(Stored entries)
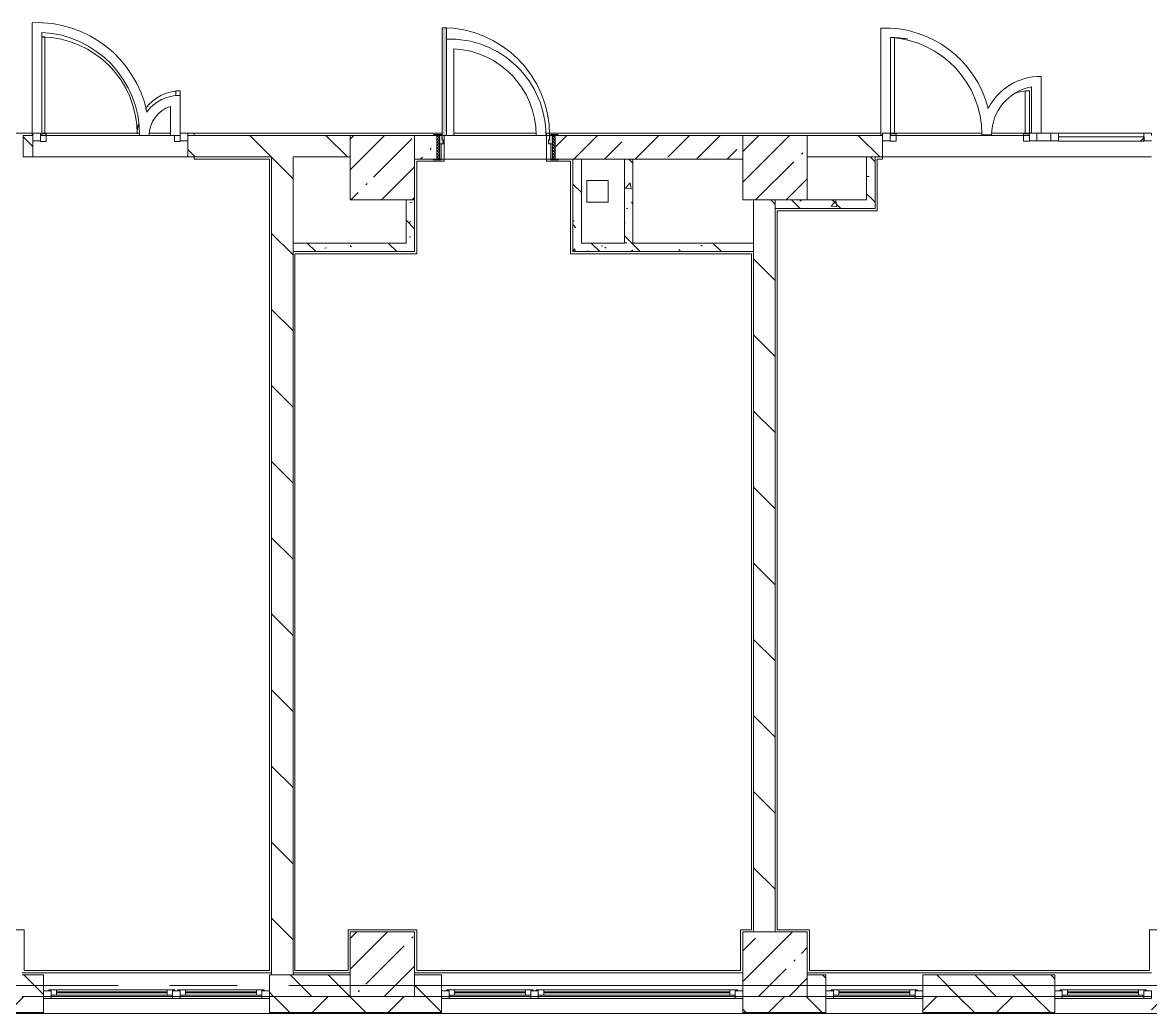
# Model space of a CAD drawing. Header units: millimetres. Extents: x 957 to 228198, y -8553 to 29000.
# Drawn here: x 123703 to 134188, y -258 to 8948 of the extents above; entities that cross this region are included whole.
import ezdxf

# ---------------------------------------------------------------- set-up
doc = ezdxf.new("R2010")
doc.units = ezdxf.units.MM
doc.linetypes.add('Осевая', pattern=[3175, 635, -476.25, 1587.5, -476.25])
for name, color, linetype, lineweight, true_color in [('A-DETL-GENF-4', 7, 'Continuous', 5, 0xaaaaaa), ('A-DOOR-2', 7, 'Continuous', 5, 0xaaaaaa), ('A-DOOR-3', 7, 'Continuous', 5, 0xe2e2e2), ('A-DOOR-FRAM-3', 7, 'Continuous', 5, 0xe2e2e2), ('A-DOOR-FRAM-4', 7, 'Continuous', 5, 0xaaaaaa), ('A-FLOR-2', 7, 'Continuous', 5, 0xaaaaaa), ('I-WALL-4', 7, 'Continuous', 5, 0x787878)]:
    doc.layers.add(name, color=color, linetype=linetype, lineweight=lineweight, true_color=true_color)
for name, color, linetype, lineweight in [('A-GLAZ-2', 7, 'Continuous', 5), ('A-GLAZ-CURT-3', 7, 'Continuous', 5), ('A-GLAZ-CWMG-3', 7, 'Continuous', 5), ('A-WALL', 7, 'Continuous', 9), ('A-WALL-2', 7, 'Continuous', 5), ('I-WALL-3', 7, 'Continuous', 5), ('S-COLS-1', 7, 'Continuous', 5), ('Оси', 7, 'Continuous', 9), ('Оси-2', 7, 'Осевая', 9)]:
    doc.layers.add(name, color=color, linetype=linetype, lineweight=lineweight)
pattern_1 = [(135, (101188.1, 0), (-353.5534, -353.5534), [])]
pattern_2 = [(135, (101188.1, 0), (-377.171, -377.171), [533.4, -88.9, 17.78, -88.9]), (135, (101188.1, 376.94), (-377.171, -377.171), []), (50, (101188.1, 0), (637.6445, -55.787), [66.675, -733.425]), (355, (101188.1, 0), (-123.35, 668.699), [53.34, -586.74]), (100.451, (101241.2, -4.65), (514.299, 612.908), [56.665, -623.315]), (46.184, (101188.1, 177.8), (948.776, -147.15), [100.012, -1100.137]), (96.636, (101267.2, 165.5), (830.91, 865.997), [84.998, -934.973]), (351.184, (101188.1, 177.8), (830.918, 865.988), [80.01, -880.11]), (21, (101277, 133.35), (530.651, -357.928), [66.675, -733.425]), (326, (101277, 133.35), (216.308, 644.658), [53.34, -586.74]), (71.451, (101321.2, 103.5), (746.96, 286.724), [56.665, -623.315]), (37.5, (101188.1, 0), (10.8105, 295.9426), [16.764, -562.864, 16.764, -578.866, -588.962]), (37.5, (101188.1, 0), (10.8105, 295.9426), [-1175.258, 16.764, -572.198]), (7.5, (101188.1, 0), (233.869, 350.6318), [16.764, -322.834, 16.764, -549.529, -224.472]), (7.5, (101188.1, 0), (233.869, 350.6318), [-905.891, 16.764, -207.708]), (327.5, (100989.84, 0), (474.5678, -20.0513), [16.764, -205.486, 16.764, -676.656, -920.115]), (327.5, (100989.84, 0), (474.5678, -20.0513), [-915.67, 16.764, -903.351]), (317.5, (100900.94, 0), (518.452, 88.9934), [16.764, -272.161, 16.764, -443.738, -653.415]), (317.5, (100900.94, 0), (518.452, 88.9934), [-749.427, 16.764, -636.651])]

# ---------------------------------------------------------------- blocks, each defined once
blk = doc.blocks.new('BSC_Колонна _Прямоугольная - 600х600-23286269-3_2_2_птичка')
at = {"layer": 'S-COLS-1'}
h = blk.add_hatch(dxfattribs=at)
h.set_pattern_fill('FP_75', color=256, style=0, pattern_type=2)
h.set_pattern_definition([(45, (-29509.74, -7600), (-285.123, 285.123), []), (45, (-29224.6, -7600), (-285.123, 285.123), [504.031, -100.806, 16.764, -84.042])])
h.paths.add_polyline_path([(-300, -300), (300, -300), (300, 300), (-300, 300), (-300, 53)])
for p, q in [((300, 300), (-300, 300)), ((-300, 300), (-300, -300)), ((300, -300), (300, 300)), ((-300, -300), (300, -300))]:
    blk.add_line(p, q, dxfattribs=at)
blk = doc.blocks.new('BSC_Колонна _Прямоугольная - 600х600-V262-3_2_2_птичка')
at = {"layer": 'S-COLS-1'}
h = blk.add_hatch(dxfattribs=at)
h.set_pattern_fill('FP_76', color=256, style=0, pattern_type=2)
h.set_pattern_definition([(45, (-25860, -200), (-285.123, 285.123), []), (45, (-25574.88, -200), (-285.123, 285.123), [504.031, -100.806, 16.764, -84.042])])
h.paths.add_polyline_path([(246, -300), (300, -300), (300, 300), (-300, 300), (-300, -300)])
for p, q in [((300, 300), (-300, 300)), ((-300, 300), (-300, -300)), ((300, -300), (300, 300)), ((-300, -300), (300, -300))]:
    blk.add_line(p, q, dxfattribs=at)
blk = doc.blocks.new('BSC_Колонна _Прямоугольная - 600х600-V263-3_2_2_птичка')
at = {"layer": 'S-COLS-1'}
h = blk.add_hatch(dxfattribs=at)
h.set_pattern_fill('FP_77', color=256, style=0, pattern_type=2)
h.set_pattern_definition([(45, (-29509.74, -200), (-285.123, 285.123), []), (45, (-29224.6, -200), (-285.123, 285.123), [504.031, -100.806, 16.764, -84.042])])
h.paths.add_polyline_path([(-300, -300), (300, -300), (300, 300), (-300, 300), (-300, -215)])
for p, q in [((300, 300), (-300, 300)), ((-300, 300), (-300, -300)), ((300, -300), (300, 300)), ((-300, -300), (300, -300))]:
    blk.add_line(p, q, dxfattribs=at)
blk = doc.blocks.new('BSC_Колонна _Прямоугольная - 600х600-V266-3_2_2_птичка')
at = {"layer": 'S-COLS-1'}
h = blk.add_hatch(dxfattribs=at)
h.set_pattern_fill('FP_79', color=256, style=0, pattern_type=2)
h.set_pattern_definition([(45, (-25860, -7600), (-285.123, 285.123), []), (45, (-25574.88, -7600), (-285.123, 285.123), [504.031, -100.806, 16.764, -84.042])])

Work item >>
Among the lines above, find those with the word "Осевая". Copy them.

Solution for this problem >>
doc.linetypes.add('Осевая', pattern=[3175, 635, -476.25, 1587.5, -476.25])
for name, color, linetype, lineweight in [('A-GLAZ-2', 7, 'Continuous', 5), ('A-GLAZ-CURT-3', 7, 'Continuous', 5), ('A-GLAZ-CWMG-3', 7, 'Continuous', 5), ('A-WALL', 7, 'Continuous', 9), ('A-WALL-2', 7, 'Continuous', 5), ('I-WALL-3', 7, 'Continuous', 5), ('S-COLS-1', 7, 'Continuous', 5), ('Оси', 7, 'Continuous', 9), ('Оси-2', 7, 'Осевая', 9)]:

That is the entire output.